Thank you for reading! If you found value in this post, please consider subscribing!
Although, measuring time horizon is becoming increasingly difficult and expensive over time as longer evaluation tasks are required.
This is a core element of the AI Futures Model.
This feedback loop, as well as the chip production feedback loop, is discussed by Forethought in Three Types of Intelligence Explosion.
The data generation, coding and research taste loops are all included in their notion of software feedback loop.
Data generation: There is little public information on how synthetic data is used for training frontier AIs, but I suspect it to be quite useful.
Coding: Both OpenAI and Anthropic claim that they used their own AIs to build their latest AI models, utilizing AI coding skill.
Research Taste: Current AIs may not be sophisticated enough to outperform human experts in suggesting experiments, though they are highly useful research tasks such as finding and summarizing research articles.
Chip technology: Nvidia has experimented with AI assistants for their chip designers, while Google DeepMind developed an AI called AlphaChip to “accelerate and optimize chip design”.
Chip production: Robots are already being used in chip manufacturing, but the process could surely be further automated. At some point of robotic and AI capabilities, factories would not require human labor at all.

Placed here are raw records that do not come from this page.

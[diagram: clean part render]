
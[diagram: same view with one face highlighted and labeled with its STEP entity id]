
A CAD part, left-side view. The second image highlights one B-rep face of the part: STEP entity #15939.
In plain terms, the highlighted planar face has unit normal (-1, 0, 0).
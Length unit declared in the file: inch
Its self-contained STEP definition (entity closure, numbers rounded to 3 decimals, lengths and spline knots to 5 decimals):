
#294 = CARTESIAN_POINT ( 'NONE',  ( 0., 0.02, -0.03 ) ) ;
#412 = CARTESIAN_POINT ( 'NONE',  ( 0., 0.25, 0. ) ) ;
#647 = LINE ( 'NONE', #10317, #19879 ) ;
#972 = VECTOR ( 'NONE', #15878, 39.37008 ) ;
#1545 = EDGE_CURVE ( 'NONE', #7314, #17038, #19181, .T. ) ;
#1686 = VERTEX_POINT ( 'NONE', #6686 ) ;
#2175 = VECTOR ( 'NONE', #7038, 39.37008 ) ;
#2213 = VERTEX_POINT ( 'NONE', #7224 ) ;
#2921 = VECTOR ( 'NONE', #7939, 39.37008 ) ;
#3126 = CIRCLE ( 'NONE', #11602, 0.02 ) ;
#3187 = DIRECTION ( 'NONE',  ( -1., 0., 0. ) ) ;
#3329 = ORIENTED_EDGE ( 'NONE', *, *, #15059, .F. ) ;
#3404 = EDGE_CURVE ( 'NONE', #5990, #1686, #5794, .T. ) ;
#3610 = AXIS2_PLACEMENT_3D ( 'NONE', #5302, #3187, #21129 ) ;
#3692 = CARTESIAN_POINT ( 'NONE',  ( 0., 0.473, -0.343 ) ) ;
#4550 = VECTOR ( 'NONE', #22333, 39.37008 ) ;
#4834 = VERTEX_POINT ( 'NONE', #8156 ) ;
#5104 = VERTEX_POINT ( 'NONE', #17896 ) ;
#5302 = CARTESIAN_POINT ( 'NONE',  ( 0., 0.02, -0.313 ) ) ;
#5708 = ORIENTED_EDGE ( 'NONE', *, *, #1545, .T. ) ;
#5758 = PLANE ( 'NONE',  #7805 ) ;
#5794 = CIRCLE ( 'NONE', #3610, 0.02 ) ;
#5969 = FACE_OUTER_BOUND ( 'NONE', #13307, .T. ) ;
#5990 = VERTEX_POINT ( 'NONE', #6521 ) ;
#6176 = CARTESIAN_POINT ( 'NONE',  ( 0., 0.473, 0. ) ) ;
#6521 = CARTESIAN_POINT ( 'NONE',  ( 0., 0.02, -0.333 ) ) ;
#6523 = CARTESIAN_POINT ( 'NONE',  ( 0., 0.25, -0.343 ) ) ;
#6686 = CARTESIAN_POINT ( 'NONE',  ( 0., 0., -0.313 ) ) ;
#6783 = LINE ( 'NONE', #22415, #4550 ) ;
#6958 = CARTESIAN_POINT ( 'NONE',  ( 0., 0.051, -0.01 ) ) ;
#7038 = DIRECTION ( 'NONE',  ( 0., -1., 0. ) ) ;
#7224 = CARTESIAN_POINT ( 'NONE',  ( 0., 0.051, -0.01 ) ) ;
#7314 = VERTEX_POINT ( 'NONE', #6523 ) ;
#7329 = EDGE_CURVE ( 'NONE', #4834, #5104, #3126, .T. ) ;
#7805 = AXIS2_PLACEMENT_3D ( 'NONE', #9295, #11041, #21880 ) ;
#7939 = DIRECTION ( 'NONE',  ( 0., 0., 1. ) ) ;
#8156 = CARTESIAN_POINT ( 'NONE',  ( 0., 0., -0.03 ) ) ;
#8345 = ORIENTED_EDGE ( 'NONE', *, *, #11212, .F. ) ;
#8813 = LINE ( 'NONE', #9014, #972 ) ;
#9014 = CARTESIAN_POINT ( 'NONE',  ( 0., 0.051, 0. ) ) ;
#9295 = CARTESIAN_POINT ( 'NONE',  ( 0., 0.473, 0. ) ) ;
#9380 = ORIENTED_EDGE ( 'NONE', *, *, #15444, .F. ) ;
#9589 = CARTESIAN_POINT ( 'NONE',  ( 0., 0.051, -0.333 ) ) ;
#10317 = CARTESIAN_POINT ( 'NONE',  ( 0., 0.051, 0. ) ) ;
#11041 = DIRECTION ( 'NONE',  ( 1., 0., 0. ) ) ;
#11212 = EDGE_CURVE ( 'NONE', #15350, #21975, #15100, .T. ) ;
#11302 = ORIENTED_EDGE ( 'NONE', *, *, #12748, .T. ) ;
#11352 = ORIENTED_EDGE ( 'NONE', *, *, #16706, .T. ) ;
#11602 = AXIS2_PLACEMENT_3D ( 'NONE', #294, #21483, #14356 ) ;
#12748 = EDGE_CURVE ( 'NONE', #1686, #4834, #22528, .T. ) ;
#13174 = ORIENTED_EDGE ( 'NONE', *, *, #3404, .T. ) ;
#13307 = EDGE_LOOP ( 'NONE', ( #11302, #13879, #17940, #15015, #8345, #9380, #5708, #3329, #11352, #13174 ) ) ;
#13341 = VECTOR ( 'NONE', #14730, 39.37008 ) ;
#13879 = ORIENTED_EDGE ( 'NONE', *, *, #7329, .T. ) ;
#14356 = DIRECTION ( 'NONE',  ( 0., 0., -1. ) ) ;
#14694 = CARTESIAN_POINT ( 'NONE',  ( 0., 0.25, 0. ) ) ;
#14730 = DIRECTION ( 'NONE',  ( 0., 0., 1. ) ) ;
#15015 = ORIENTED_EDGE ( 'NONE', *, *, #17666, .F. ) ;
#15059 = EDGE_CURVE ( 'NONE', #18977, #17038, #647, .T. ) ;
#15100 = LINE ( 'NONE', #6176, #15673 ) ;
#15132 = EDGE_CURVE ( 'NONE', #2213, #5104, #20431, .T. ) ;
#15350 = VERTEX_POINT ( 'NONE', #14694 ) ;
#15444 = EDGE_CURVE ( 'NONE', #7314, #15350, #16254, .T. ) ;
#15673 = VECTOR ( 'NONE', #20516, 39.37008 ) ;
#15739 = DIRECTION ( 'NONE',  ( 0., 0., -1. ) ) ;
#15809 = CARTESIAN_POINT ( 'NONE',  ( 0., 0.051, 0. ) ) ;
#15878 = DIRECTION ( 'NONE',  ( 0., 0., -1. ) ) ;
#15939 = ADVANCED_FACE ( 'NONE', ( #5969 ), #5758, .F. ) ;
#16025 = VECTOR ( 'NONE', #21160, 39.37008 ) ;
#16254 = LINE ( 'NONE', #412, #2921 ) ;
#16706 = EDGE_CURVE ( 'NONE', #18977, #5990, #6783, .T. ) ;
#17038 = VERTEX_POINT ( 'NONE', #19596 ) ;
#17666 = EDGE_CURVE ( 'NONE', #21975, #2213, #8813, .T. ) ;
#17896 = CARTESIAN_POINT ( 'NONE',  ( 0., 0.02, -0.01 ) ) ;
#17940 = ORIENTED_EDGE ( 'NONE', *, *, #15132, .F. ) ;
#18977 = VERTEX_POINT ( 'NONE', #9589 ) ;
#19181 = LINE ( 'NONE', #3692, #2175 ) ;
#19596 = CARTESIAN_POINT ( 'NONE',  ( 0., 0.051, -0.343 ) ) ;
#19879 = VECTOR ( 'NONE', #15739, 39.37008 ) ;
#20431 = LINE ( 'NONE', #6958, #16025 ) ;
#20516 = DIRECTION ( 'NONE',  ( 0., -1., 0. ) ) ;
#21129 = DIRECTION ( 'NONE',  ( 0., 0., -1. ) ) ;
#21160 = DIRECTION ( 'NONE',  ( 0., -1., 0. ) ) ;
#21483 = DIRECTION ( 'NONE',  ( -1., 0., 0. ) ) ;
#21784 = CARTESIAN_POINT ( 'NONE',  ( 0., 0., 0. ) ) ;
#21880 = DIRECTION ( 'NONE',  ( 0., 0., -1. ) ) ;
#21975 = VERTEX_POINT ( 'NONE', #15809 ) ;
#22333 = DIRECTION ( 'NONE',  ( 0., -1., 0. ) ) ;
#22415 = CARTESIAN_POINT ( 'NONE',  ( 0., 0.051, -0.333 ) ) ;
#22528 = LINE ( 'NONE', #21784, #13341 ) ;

Economic: AIs automate parts of the economy, and some of the resulting economic growth is reinvested into AI R&D or hardware (for an analysis on this, see the GATE model). AI infrastructure investments (such as datacenters) are already in the hundreds of billions of US dollars.
Note that AIs use more inference while completing longer tasks, which doesn’t necessarily increase inference costs compared to humans (who would also need to spend more time on such tasks). See this post by Ryan Greenblatt.
This argument was partially inspired by this post by johncrox on LessWrong.